### ACTIVITY
The records below hold a stretch from the line with "n2 = _N.new('ShaderNodeTexImage');" through the line with "world_world = bpy.data.worlds.new('World');"; return exactly those lines, ends included, and nothing more.

### MATERIAL SUPPLIED
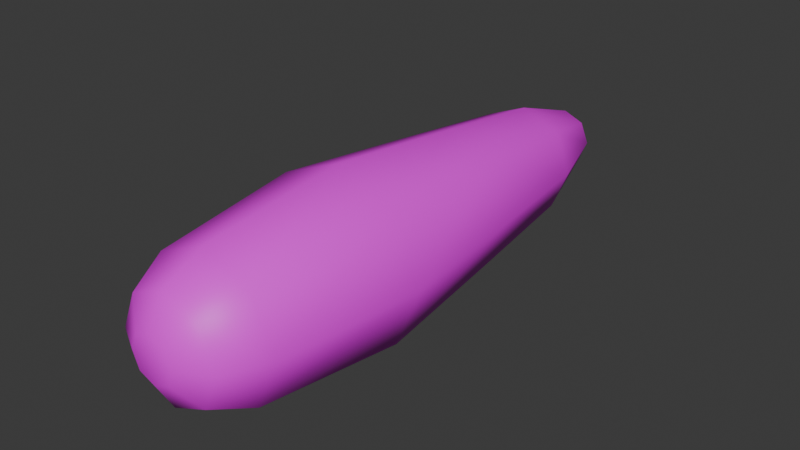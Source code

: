 # Source: CornCob.blend  (saved by Blender 4.0.36; exported with 4.5.12 LTS)
import bpy
from mathutils import Matrix  # noqa: F401  (used for matrix-valued properties, if any)

bpy.ops.wm.read_factory_settings(use_empty=True)
scene = bpy.context.scene
scene.name = 'Scene'

# ---- collections
col_collection = bpy.data.collections.new('Collection'); scene.collection.children.link(col_collection)

# ---- images (referenced by path relative to the original .blend; pixels are not part of the script)
import os
ASSET_DIR = os.environ.get("B2B_ASSET_DIR", "")  # directory of the original .blend (textures are referenced by path, not embedded)
HERE = os.path.dirname(os.path.abspath(__file__))  # packed textures are extracted next to this script under _unpacked/

def load_image(name, relpath, width, height, colorspace="sRGB"):
    """Load a texture the original file referenced (path relative to the .blend, or extracted next to this script)."""
    p = next((c for c in (os.path.join(HERE, relpath), os.path.join(ASSET_DIR, relpath)) if relpath and os.path.exists(c)), "")
    if p:
        img = bpy.data.images.load(p, check_existing=True)
        img.name = name
    else:  # same state as the original file: an image datablock whose file is absent (Cycles renders it pink)
        img = bpy.data.images.new(name, width, height)
        img.source = "FILE"
        img.filepath = "//" + (relpath or name)
    img.colorspace_settings.name = colorspace
    return img
img_corn_png = load_image('Corn.png', 'Corn.png', 1024, 1024, 'sRGB')

# ---- materials (node trees are filled in below, after node groups)
mat_material_001 = bpy.data.materials.new('Material.001')
mat_material_001.use_transparent_shadow = False

# ---- material node trees
mat_material_001.use_nodes = True; mat_material_001.node_tree.nodes.clear()
_N = mat_material_001.node_tree.nodes; _L = mat_material_001.node_tree.links
n0 = _N.new('ShaderNodeBsdfPrincipled'); n0.name = 'Principled BSDF'; n0.location = (10, 300)
n0.inputs[3].default_value = 1.45
n1 = _N.new('ShaderNodeOutputMaterial'); n1.name = 'Material Output'; n1.location = (300, 300)
n2 = _N.new('ShaderNodeTexImage'); n2.name = 'Image Texture'; n2.location = (-280, 280)
n2.image = img_corn_png
_L.new(n0.outputs[0], n1.inputs[0])
_L.new(n2.outputs[0], n0.inputs[0])
n1.is_active_output = True

# ---- world
world_world = bpy.data.worlds.new('World'); scene.world = world_world
world_world.use_nodes = True; world_world.node_tree.nodes.clear()
_N = world_world.node_tree.nodes; _L = world_world.node_tree.links
n0 = _N.new('ShaderNodeOutputWorld'); n0.name = 'World Output'; n0.location = (300, 300)
n1 = _N.new('ShaderNodeBackground'); n1.name = 'Background'; n1.location = (10, 300)
n1.inputs[0].default_value = (0.05088, 0.05088, 0.05088, 1.0)
_L.new(n1.outputs[0], n0.inputs[0])
n0.is_active_output = True
world_world.color = (0.05088, 0.05088, 0.05088)
world_world.use_sun_shadow = False
world_world.sun_shadow_jitter_overblur = 0.0

# ---- meshes
me_cylinder = bpy.data.meshes.new('Cylinder')
me_cylinder.from_pydata([(4.313e-18, -0.5088, -0.9449), (-8.839e-16, 3.649, -0.9537), (0.7071, -0.5082, -0.652), (0.7071, 3.65, -0.6608), (1.0, -0.5067, 0.05508), (1.0, 3.651, 0.04629), (0.7071, -0.5052, 0.7622), (0.7071, 3.653, 0.7534), (4.313e-18, -0.5046, 1.055), (-8.839e-16, 3.653, 1.046), (-0.7071, -0.5052, 0.7622), (-0.7071, 3.653, 0.7534), (-1.0, -0.5067, 0.05508), (-1.0, 3.651, 0.04629), (-0.7071, -0.5082, -0.652), (-0.7071, 3.65, -0.6608), (-5.066e-08, -1.069, -0.6679), (0.512, -1.068, -0.4558), (0.7241, -1.067, 0.05626), (0.512, -1.066, 0.5683), (-5.066e-08, -1.066, 0.7804), (-0.512, -1.066, 0.5683), (-0.7241, -1.067, 0.05626), (-0.512, -1.068, -0.4558), (-5.991e-08, -1.298, -0.2589), (0.2232, -1.298, -0.1665), (0.3157, -1.297, 0.05675), (0.2232, -1.297, 0.2799), (-5.991e-08, -1.297, 0.3724), (-0.2232, -1.297, 0.2799), (-0.3157, -1.297, 0.05675), (-0.2232, -1.298, -0.1665), (0.5608, 5.402, -0.5182), (1.542e-09, 5.402, -0.7505), (0.7931, 5.403, 0.04258), (0.5608, 5.405, 0.6034), (1.542e-09, 5.405, 0.8357), (-0.5608, 5.405, 0.6034), (-0.7931, 5.403, 0.04258), (-0.5608, 5.402, -0.5182), (-1.739e-09, 1.57, -1.183), (0.8721, 1.57, -0.8214), (1.233, 1.572, 0.05068), (0.8721, 1.574, 0.9228), (-1.739e-09, 1.575, 1.284), (-0.8721, 1.574, 0.9228), (-1.233, 1.572, 0.05068), (-0.8721, 1.57, -0.8214), (0.1574, 6.668, -0.1175), (0.2901, 6.54, -0.2499), (0.2386, 6.63, -0.1986), (7.974e-10, 6.54, -0.3701), (7.451e-09, 6.668, -0.1827), (3.027e-09, 6.63, -0.2975), (0.2226, 6.668, 0.03991), (0.4102, 6.541, 0.04018), (0.3375, 6.631, 0.03999), (0.1574, 6.669, 0.1973), (0.2901, 6.541, 0.3303), (0.2386, 6.631, 0.2786), (-7.451e-09, 6.669, 0.2625), (7.974e-10, 6.541, 0.4504), (-1.164e-09, 6.632, 0.3775), (-0.1574, 6.669, 0.1973), (-0.2901, 6.541, 0.3303), (-0.2386, 6.631, 0.2786), (-0.2226, 6.668, 0.03991), (-0.4102, 6.541, 0.04018), (-0.3375, 6.631, 0.03999), (-0.1574, 6.668, -0.1175), (-0.2901, 6.54, -0.2499), (-0.2386, 6.63, -0.1986)], [], [(40, 1, 3, 41), (41, 3, 5, 42), (42, 5, 7, 43), (43, 7, 9, 44), (44, 9, 11, 45), (45, 11, 13, 46), (1, 15, 39, 33), (46, 13, 15, 47), (47, 15, 1, 40), (6, 8, 20, 19), (22, 23, 31, 30), (12, 14, 23, 22), (2, 4, 18, 17), (8, 10, 21, 20), (14, 0, 16, 23), (0, 2, 17, 16), (4, 6, 19, 18), (10, 12, 22, 21), (24, 25, 26, 27, 28, 29, 30, 31), (20, 21, 29, 28), (18, 19, 27, 26), (16, 17, 25, 24), (23, 16, 24, 31), (21, 22, 30, 29), (19, 20, 28, 27), (17, 18, 26, 25), (33, 39, 70, 51), (3, 1, 33, 32), (7, 5, 34, 35), (13, 11, 37, 38), (9, 7, 35, 36), (15, 13, 38, 39), (5, 3, 32, 34), (11, 9, 36, 37), (34, 32, 49, 55), (35, 34, 55, 58), (39, 38, 67, 70), (37, 36, 61, 64), (32, 33, 51, 49), (38, 37, 64, 67), (36, 35, 58, 61), (14, 47, 40, 0), (12, 46, 47, 14), (10, 45, 46, 12), (8, 44, 45, 10), (6, 43, 44, 8), (4, 42, 43, 6), (2, 41, 42, 4), (0, 40, 41, 2), (49, 51, 53, 50), (50, 53, 52, 48), (55, 49, 50, 56), (56, 50, 48, 54), (58, 55, 56, 59), (59, 56, 54, 57), (61, 58, 59, 62), (62, 59, 57, 60), (64, 61, 62, 65), (65, 62, 60, 63), (67, 64, 65, 68), (68, 65, 63, 66), (70, 67, 68, 71), (71, 68, 66, 69), (51, 70, 71, 53), (53, 71, 69, 52), (48, 52, 69, 66, 63, 60, 57, 54)])
me_cylinder.polygons.foreach_set('use_smooth', [True] * 66)
_uv = me_cylinder.uv_layers.new(name='UVMap')
_uv.uv.foreach_set('vector', [0.5665, 0.8302, 0.5665, 0.7208, 0.6067, 0.7208, 0.6067, 0.8302, 0.6067, 0.8302, 0.6067, 0.7208, 0.6352, 0.7209, 0.6352, 0.8302, 0.6352, 0.8302, 0.6352, 0.7208, 0.6755, 0.7208, 0.6755, 0.8302, 0.6755, 0.8302, 0.6755, 0.7208, 0.7039, 0.7209, 0.7039, 0.8302, 0.7039, 0.8302, 0.7039, 0.7208, 0.7442, 0.7208, 0.7442, 0.8302, 0.7442, 0.8302, 0.7442, 0.7208, 0.7727, 0.7209, 0.7727, 0.8302, 0.8414, 0.7209, 0.8129, 0.7208, 0.8088, 0.6287, 0.8313, 0.6287, 0.7727, 0.8302, 0.7727, 0.7208, 0.8129, 0.7208, 0.8129, 0.8302, 0.8129, 0.8302, 0.8129, 0.7208, 0.8414, 0.7209, 0.8414, 0.8302, 0.6755, 0.9395, 0.7039, 0.9396, 0.6905, 0.9691, 0.6699, 0.969, 0.8912, 0.5622, 0.9118, 0.5828, 0.8919, 0.591, 0.8829, 0.582, 0.7727, 0.9395, 0.8129, 0.9395, 0.8074, 0.969, 0.7782, 0.969, 0.6067, 0.9395, 0.6352, 0.9396, 0.6218, 0.9691, 0.6012, 0.969, 0.7039, 0.9395, 0.7442, 0.9395, 0.7386, 0.969, 0.7095, 0.969, 0.538, 0.9396, 0.5665, 0.9395, 0.572, 0.969, 0.5514, 0.9691, 0.5665, 0.9395, 0.6067, 0.9395, 0.6012, 0.969, 0.572, 0.969, 0.6352, 0.9395, 0.6755, 0.9395, 0.6699, 0.969, 0.6408, 0.969, 0.7442, 0.9395, 0.7727, 0.9396, 0.7593, 0.9691, 0.7386, 0.969, 0.1702, 0.7949, 0.1561, 0.809, 0.1361, 0.809, 0.122, 0.7949, 0.122, 0.7749, 0.1361, 0.7607, 0.1561, 0.7607, 0.1702, 0.7749, 0.8414, 0.5828, 0.862, 0.5622, 0.8702, 0.582, 0.8612, 0.591, 0.862, 0.6326, 0.8414, 0.6119, 0.8612, 0.6037, 0.8702, 0.6127, 0.9118, 0.6119, 0.8912, 0.6326, 0.8829, 0.6127, 0.8919, 0.6037, 0.9118, 0.5828, 0.9118, 0.6119, 0.8919, 0.6037, 0.8919, 0.591, 0.862, 0.5622, 0.8912, 0.5622, 0.8829, 0.582, 0.8702, 0.582, 0.8414, 0.6119, 0.8414, 0.5828, 0.8612, 0.591, 0.8612, 0.6037, 0.8912, 0.6326, 0.862, 0.6326, 0.8702, 0.6127, 0.8829, 0.6127, 0.8313, 0.6287, 0.8088, 0.6287, 0.8011, 0.5689, 0.8127, 0.5689, 0.6067, 0.7208, 0.5665, 0.7208, 0.5706, 0.6287, 0.6026, 0.6287, 0.6755, 0.7208, 0.6352, 0.7208, 0.6394, 0.6287, 0.6713, 0.6287, 0.7727, 0.7209, 0.7442, 0.7208, 0.74, 0.6287, 0.7626, 0.6287, 0.7039, 0.7209, 0.6755, 0.7208, 0.6713, 0.6287, 0.6939, 0.6287, 0.8129, 0.7208, 0.7727, 0.7208, 0.7768, 0.6287, 0.8088, 0.6287, 0.6352, 0.7209, 0.6067, 0.7208, 0.6026, 0.6287, 0.6252, 0.6287, 0.7442, 0.7208, 0.7039, 0.7208, 0.7081, 0.6287, 0.74, 0.6287, 0.6252, 0.6287, 0.6026, 0.6287, 0.5949, 0.5689, 0.6066, 0.5689, 0.6713, 0.6287, 0.6394, 0.6287, 0.6471, 0.5689, 0.6636, 0.5689, 0.8088, 0.6287, 0.7768, 0.6287, 0.7845, 0.5689, 0.8011, 0.5689, 0.74, 0.6287, 0.7081, 0.6287, 0.7158, 0.5689, 0.7323, 0.5689, 0.6026, 0.6287, 0.5706, 0.6287, 0.5784, 0.5689, 0.5949, 0.5689, 0.7626, 0.6287, 0.74, 0.6287, 0.7323, 0.5689, 0.744, 0.5689, 0.6939, 0.6287, 0.6713, 0.6287, 0.6636, 0.5689, 0.6753, 0.5689, 0.8129, 0.9395, 0.8129, 0.8302, 0.8414, 0.8302, 0.8414, 0.9396, 0.7727, 0.9395, 0.7727, 0.8302, 0.8129, 0.8302, 0.8129, 0.9395, 0.7442, 0.9395, 0.7442, 0.8302, 0.7727, 0.8302, 0.7727, 0.9396, 0.7039, 0.9395, 0.7039, 0.8302, 0.7442, 0.8302, 0.7442, 0.9395, 0.6755, 0.9395, 0.6755, 0.8302, 0.7039, 0.8302, 0.7039, 0.9396, 0.6352, 0.9395, 0.6352, 0.8302, 0.6755, 0.8302, 0.6755, 0.9395, 0.6067, 0.9395, 0.6067, 0.8302, 0.6352, 0.8302, 0.6352, 0.9396, 0.5665, 0.9395, 0.5665, 0.8302, 0.6067, 0.8302, 0.6067, 0.9395, 0.5949, 0.5689, 0.5784, 0.5689, 0.5798, 0.5622, 0.5934, 0.5622, 0.8592, 0.6504, 0.8592, 0.6504, 0.8592, 0.6504, 0.8592, 0.6504, 0.6066, 0.5689, 0.5949, 0.5689, 0.5944, 0.5622, 0.604, 0.5622, 0.8592, 0.6504, 0.8592, 0.6504, 0.8592, 0.6504, 0.8592, 0.6504, 0.6636, 0.5689, 0.6471, 0.5689, 0.6485, 0.5622, 0.6621, 0.5622, 0.8592, 0.6504, 0.8592, 0.6504, 0.8592, 0.6504, 0.8592, 0.6504, 0.6753, 0.5689, 0.6636, 0.5689, 0.6632, 0.5622, 0.6728, 0.5622, 0.8592, 0.6504, 0.8592, 0.6504, 0.8592, 0.6504, 0.8592, 0.6504, 0.7323, 0.5689, 0.7158, 0.5689, 0.7173, 0.5622, 0.7309, 0.5622, 0.8592, 0.6504, 0.8592, 0.6504, 0.8592, 0.6504, 0.8592, 0.6504, 0.744, 0.5689, 0.7323, 0.5689, 0.7319, 0.5622, 0.7415, 0.5622, 0.8592, 0.6504, 0.8592, 0.6504, 0.8592, 0.6504, 0.8592, 0.6504, 0.8011, 0.5689, 0.7845, 0.5689, 0.786, 0.5622, 0.7996, 0.5622, 0.8592, 0.6504, 0.8592, 0.6504, 0.8592, 0.6504, 0.8592, 0.6504, 0.8127, 0.5689, 0.8011, 0.5689, 0.8006, 0.5622, 0.8102, 0.5622, 0.8592, 0.6504, 0.8592, 0.6504, 0.8592, 0.6504, 0.8592, 0.6504, 0.8592, 0.6504, 0.8592, 0.6504, 0.8592, 0.6504, 0.8592, 0.6504, 0.8592, 0.6504, 0.8592, 0.6504, 0.8592, 0.6504, 0.8592, 0.6504])
me_cylinder.materials.append(mat_material_001)
me_cylinder.update()

# ---- objects
ob_cylinder = bpy.data.objects.new('Cylinder', me_cylinder)

# ---- transforms, parenting, visibility, modifiers, constraints
ob_cylinder.location = (0.0, 0.0, 0.0)

# ---- collection membership
col_collection.objects.link(ob_cylinder)

# ---- scene / render settings (as saved in the file)
scene.frame_start = 1; scene.frame_end = 250; scene.frame_set(1)
scene.render.engine = 'BLENDER_EEVEE_NEXT'
scene.cycles.sampling_pattern = 'TABULATED_SOBOL'
bpy.context.view_layer.update()

# ---- added for rendering (the .blend has no active camera and no usable light): camera, sun
cam_auto = bpy.data.cameras.new('AutoCamera')
cam_auto.lens = 50.0
cam_auto.sensor_width = 36.0
cam_auto.clip_end = 1000.0
ob_auto_camera = bpy.data.objects.new('AutoCamera', cam_auto)
scene.collection.objects.link(ob_auto_camera)
ob_auto_camera.location = (8.04659, -6.97054, 6.48795)
ob_auto_camera.rotation_euler = (1.09748, -7.21219e-08, 0.694738)
scene.camera = ob_auto_camera
light_auto_sun = bpy.data.lights.new('AutoSun', 'SUN')
light_auto_sun.energy = 3.0
light_auto_sun.angle = 0.0523599
ob_auto_sun = bpy.data.objects.new('AutoSun', light_auto_sun)
scene.collection.objects.link(ob_auto_sun)
ob_auto_sun.rotation_euler = (0.872665, 0.174533, 0.523599)
bpy.context.view_layer.update()

### TASK RESULT
n2 = _N.new('ShaderNodeTexImage'); n2.name = 'Image Texture'; n2.location = (-280, 280)
n2.image = img_corn_png
_L.new(n0.outputs[0], n1.inputs[0])
_L.new(n2.outputs[0], n0.inputs[0])
n1.is_active_output = True

# ---- world
world_world = bpy.data.worlds.new('World'); scene.world = world_world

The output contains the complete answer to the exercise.